Multilayer deposition and resuspension experiments of graphite particles between periodic steps in turbulent channel flows

This report describes an experimental study about graphite particle multilayer deposition and resuspension between periodic steps in turbulent channel flows. Background motivation is the carbonaceous dust safety issue in the High Temperature Reactor. In the present study the particle deposition and resuspension scenarios were fluid dynamically downscaled and were reproduced under simplified conditions in an air-driven small-scale test facility. Periodic steps were placed in a square duct test section to induce a complex flow field characterized by flow separations, recirculation and reattachment zones.

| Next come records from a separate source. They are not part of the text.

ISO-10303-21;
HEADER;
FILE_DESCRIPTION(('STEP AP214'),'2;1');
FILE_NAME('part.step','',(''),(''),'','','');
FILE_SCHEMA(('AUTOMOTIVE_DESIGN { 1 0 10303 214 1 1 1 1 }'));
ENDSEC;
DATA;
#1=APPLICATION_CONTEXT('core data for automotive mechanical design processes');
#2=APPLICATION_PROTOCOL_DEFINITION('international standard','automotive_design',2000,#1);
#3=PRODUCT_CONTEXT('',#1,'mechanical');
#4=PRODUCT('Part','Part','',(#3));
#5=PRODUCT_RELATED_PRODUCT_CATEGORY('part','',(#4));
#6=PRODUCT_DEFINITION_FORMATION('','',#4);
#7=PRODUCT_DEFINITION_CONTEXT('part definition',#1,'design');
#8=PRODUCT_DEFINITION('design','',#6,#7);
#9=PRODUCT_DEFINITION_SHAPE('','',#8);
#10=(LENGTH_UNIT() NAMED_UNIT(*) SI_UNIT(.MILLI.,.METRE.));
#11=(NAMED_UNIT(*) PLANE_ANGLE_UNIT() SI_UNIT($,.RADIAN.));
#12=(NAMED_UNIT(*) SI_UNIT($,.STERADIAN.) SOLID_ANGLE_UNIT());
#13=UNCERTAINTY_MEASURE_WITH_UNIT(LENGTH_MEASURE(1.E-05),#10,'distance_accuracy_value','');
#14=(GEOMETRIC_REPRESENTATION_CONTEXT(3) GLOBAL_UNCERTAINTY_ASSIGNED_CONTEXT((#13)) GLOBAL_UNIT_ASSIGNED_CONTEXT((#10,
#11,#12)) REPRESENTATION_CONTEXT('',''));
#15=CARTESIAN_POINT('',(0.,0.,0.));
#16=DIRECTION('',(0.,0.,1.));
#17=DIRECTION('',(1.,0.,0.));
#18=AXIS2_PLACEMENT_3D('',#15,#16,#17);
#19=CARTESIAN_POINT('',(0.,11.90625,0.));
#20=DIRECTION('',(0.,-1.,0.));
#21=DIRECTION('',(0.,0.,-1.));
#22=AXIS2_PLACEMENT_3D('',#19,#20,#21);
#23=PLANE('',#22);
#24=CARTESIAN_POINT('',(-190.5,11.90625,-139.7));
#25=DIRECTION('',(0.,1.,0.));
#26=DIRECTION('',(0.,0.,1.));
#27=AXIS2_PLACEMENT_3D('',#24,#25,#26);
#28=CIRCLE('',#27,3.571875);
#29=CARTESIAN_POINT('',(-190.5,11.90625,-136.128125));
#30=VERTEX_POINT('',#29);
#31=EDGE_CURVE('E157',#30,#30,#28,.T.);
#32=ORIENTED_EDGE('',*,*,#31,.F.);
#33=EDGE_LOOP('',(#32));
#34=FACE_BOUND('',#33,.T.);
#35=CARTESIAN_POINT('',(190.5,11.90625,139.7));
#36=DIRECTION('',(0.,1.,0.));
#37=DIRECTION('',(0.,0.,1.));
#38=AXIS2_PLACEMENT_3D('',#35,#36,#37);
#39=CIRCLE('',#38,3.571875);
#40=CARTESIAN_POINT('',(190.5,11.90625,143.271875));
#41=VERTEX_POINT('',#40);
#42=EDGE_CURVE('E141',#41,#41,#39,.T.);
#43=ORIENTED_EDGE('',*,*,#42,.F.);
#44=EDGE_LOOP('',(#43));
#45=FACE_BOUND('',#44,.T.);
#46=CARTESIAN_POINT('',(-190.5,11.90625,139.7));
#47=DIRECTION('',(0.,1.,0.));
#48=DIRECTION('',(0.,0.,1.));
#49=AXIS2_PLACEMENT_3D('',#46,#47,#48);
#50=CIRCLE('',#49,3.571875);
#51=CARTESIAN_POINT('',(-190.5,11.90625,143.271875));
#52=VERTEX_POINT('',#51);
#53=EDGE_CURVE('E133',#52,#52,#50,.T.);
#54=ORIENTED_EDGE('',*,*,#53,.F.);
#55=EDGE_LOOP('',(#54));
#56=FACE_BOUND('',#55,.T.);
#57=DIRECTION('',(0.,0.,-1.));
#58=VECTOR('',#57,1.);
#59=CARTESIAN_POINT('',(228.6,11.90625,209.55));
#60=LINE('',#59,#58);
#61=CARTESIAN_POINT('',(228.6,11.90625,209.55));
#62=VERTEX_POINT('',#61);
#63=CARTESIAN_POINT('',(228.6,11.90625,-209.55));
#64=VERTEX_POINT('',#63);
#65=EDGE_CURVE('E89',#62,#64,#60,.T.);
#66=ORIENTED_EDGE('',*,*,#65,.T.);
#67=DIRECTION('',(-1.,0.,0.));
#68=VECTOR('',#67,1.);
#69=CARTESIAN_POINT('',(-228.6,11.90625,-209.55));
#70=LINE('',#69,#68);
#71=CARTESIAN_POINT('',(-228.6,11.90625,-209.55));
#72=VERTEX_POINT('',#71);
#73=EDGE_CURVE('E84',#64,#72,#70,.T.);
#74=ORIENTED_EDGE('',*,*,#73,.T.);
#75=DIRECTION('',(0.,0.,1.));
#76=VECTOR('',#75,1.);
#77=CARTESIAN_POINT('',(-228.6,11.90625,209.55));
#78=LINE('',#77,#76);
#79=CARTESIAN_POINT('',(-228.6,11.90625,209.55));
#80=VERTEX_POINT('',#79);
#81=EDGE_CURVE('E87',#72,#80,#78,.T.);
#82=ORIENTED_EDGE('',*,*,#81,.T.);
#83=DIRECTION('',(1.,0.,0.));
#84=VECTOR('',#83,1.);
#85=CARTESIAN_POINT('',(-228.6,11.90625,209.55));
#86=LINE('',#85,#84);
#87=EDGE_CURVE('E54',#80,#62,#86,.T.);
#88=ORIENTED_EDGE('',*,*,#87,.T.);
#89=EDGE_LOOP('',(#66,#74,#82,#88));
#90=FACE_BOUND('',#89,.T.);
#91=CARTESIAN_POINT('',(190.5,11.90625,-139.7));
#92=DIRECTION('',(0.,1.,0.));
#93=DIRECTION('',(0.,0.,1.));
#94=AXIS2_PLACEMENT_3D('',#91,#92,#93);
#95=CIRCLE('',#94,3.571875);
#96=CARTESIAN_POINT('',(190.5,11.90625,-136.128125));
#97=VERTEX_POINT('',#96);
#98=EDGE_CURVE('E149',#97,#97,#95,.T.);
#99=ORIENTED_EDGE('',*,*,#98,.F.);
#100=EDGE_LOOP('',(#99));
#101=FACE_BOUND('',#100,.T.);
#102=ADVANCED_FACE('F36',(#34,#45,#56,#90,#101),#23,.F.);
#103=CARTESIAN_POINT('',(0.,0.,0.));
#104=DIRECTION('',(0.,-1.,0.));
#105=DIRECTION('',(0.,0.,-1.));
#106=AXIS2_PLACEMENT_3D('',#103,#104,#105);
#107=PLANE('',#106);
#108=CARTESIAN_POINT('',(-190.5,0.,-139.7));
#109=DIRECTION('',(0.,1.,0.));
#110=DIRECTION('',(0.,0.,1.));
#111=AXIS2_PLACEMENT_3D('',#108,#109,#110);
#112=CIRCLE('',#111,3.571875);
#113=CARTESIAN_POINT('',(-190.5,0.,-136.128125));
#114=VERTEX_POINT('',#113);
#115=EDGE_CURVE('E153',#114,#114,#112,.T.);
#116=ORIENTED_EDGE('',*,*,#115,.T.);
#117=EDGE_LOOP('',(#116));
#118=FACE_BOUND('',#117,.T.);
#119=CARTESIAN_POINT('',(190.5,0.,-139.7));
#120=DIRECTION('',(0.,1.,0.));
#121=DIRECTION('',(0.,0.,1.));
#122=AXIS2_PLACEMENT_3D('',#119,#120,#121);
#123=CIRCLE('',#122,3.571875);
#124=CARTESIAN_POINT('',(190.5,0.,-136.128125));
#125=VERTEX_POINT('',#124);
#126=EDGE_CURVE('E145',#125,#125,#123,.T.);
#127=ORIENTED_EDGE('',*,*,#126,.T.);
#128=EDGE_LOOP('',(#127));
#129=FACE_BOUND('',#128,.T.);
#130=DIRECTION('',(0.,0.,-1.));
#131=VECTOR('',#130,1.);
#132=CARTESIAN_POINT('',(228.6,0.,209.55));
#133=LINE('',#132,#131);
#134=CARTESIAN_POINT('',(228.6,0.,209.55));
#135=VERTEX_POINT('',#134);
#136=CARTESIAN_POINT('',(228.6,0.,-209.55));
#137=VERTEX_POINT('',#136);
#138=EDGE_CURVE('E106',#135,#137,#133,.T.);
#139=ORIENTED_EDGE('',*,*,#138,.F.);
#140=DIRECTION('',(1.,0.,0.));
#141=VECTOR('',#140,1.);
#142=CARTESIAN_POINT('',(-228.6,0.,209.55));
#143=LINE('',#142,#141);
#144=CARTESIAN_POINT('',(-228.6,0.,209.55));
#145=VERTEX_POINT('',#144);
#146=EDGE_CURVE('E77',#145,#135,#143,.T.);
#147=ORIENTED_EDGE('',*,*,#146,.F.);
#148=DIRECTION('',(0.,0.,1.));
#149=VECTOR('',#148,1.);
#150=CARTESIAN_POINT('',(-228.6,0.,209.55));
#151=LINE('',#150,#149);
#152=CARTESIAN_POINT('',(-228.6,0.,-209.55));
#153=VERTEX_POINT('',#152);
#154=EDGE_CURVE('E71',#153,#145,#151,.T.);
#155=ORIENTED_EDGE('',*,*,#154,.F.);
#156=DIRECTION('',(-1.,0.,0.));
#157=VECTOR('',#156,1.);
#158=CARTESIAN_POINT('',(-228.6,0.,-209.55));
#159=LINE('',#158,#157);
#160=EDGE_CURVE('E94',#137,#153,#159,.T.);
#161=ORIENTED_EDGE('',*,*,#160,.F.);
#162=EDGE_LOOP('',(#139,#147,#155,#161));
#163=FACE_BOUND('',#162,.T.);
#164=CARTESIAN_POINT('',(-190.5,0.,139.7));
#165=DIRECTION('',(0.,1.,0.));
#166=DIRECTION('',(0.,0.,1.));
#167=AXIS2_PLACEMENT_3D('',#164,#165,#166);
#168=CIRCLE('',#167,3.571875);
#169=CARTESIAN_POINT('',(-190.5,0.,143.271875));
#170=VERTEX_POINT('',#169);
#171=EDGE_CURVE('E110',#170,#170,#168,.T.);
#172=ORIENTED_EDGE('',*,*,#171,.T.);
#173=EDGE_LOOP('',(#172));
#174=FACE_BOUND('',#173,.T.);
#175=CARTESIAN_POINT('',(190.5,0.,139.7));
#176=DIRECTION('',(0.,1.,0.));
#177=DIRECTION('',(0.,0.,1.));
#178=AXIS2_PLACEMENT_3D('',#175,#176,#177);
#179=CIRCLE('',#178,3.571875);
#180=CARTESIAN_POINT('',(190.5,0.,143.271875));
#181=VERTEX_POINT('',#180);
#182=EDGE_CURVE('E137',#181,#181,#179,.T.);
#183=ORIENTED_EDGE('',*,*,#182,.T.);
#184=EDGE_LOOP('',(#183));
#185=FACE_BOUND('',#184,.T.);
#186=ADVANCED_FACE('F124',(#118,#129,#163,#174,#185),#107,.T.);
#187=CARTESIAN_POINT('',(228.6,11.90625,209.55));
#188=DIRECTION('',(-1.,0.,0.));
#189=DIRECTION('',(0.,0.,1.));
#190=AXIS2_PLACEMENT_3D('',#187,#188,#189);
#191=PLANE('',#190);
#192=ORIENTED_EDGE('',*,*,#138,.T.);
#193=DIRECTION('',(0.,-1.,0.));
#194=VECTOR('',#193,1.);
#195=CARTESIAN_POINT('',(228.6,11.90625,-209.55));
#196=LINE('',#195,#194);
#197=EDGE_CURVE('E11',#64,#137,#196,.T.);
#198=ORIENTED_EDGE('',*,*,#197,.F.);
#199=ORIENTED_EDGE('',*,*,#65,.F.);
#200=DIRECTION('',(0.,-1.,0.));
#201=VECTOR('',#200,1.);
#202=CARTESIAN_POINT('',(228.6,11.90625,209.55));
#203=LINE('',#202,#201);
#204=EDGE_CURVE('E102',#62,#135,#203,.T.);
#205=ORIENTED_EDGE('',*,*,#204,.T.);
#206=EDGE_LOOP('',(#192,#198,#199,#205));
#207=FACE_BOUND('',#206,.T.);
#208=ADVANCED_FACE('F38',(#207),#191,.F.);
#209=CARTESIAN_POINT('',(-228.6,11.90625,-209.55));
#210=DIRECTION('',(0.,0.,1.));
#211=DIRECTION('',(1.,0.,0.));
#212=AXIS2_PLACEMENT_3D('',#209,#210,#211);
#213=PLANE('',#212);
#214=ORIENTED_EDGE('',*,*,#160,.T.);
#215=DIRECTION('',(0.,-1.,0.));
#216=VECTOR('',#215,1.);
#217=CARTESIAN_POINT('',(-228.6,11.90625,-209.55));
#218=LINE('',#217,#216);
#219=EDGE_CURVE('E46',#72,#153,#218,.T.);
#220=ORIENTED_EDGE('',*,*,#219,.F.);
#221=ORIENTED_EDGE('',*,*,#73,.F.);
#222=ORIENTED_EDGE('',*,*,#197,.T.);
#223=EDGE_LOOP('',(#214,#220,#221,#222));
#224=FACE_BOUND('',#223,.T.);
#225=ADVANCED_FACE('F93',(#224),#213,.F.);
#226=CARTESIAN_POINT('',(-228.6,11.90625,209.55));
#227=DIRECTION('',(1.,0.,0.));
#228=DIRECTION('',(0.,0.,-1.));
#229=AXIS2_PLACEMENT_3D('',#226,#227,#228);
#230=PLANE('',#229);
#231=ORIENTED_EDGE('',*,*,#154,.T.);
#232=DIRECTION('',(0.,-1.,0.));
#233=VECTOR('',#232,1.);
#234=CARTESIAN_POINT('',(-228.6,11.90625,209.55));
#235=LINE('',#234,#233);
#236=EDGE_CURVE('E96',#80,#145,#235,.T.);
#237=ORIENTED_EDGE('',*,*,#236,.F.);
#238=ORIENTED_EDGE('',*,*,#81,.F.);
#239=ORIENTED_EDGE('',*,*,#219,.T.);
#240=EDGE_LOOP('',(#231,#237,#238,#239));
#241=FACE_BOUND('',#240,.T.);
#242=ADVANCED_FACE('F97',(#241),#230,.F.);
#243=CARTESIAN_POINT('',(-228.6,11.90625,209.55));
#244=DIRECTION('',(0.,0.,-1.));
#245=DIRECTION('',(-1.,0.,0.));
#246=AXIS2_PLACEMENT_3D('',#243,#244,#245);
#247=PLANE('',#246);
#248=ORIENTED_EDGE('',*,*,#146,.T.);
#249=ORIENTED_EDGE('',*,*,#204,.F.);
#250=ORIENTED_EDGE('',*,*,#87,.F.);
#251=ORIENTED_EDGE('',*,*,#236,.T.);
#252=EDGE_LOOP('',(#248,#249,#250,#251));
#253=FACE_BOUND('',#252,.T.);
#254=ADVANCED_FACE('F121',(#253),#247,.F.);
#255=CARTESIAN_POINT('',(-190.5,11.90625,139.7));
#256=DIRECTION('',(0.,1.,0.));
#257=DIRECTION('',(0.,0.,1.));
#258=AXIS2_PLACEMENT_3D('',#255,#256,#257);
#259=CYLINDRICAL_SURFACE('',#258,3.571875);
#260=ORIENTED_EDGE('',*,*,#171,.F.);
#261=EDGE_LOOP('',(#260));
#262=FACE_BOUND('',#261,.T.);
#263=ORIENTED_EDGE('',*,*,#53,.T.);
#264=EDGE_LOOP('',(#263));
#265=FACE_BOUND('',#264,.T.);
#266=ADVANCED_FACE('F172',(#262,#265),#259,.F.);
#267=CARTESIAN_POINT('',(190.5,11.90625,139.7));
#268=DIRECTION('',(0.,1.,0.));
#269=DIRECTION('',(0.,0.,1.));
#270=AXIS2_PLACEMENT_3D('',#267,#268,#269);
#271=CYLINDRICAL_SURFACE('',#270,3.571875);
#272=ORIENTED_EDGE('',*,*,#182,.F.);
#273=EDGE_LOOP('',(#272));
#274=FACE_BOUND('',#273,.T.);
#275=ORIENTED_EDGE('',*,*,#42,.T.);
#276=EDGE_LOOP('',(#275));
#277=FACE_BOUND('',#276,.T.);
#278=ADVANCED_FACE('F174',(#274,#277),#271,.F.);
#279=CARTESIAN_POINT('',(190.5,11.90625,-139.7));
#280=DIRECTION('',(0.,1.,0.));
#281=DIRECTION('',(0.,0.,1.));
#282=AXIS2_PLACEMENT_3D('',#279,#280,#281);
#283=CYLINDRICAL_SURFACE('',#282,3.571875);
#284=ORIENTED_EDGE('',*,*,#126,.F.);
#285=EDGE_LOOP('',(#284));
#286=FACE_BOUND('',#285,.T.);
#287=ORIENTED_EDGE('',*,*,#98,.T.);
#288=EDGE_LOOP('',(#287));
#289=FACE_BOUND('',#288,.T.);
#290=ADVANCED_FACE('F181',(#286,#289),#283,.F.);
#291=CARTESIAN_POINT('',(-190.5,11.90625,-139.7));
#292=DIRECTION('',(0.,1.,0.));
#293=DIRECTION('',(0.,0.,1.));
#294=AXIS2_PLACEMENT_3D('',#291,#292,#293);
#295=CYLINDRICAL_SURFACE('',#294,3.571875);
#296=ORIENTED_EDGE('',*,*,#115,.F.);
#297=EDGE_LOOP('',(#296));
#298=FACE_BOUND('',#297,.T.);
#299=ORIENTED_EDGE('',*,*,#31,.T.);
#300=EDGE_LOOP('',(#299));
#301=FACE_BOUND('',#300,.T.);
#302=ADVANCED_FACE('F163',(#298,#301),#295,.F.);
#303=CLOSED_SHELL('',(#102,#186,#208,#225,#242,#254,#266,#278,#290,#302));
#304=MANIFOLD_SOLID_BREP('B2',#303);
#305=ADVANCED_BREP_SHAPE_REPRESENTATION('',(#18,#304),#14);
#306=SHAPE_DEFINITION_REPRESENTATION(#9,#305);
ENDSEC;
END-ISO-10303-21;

The turbulent flow field was recorded by means of a stereo Particle Image Velocimetry system. Polydisperse graphite particles matching the size range of HTR dust were dispersed into the flow field during a pure deposition regime. The multilayer build up between the periodic steps was measured using a laser distance sensor coupled with a linear stage. The particle layer build up showed a linear tendency against time and the deposition velocities are in good agreement with similar investigations. After the deposition scenario the aerosol generator was switched off and the fan speed of the test facility was stepwise increased to initiate particle resuspension. It was found that the resuspension started to begin in the reattachment area between the steps. The entire multilayer was already removed by the flow at friction velocities at which single particle resuspension starts to begin. Furthermore, particle bed porosity determinations were performed by gravimetrical and x-ray methods to characterize the packing properties. The present results indicate similarities between the single and the multilayer particle deposition and resuspension process.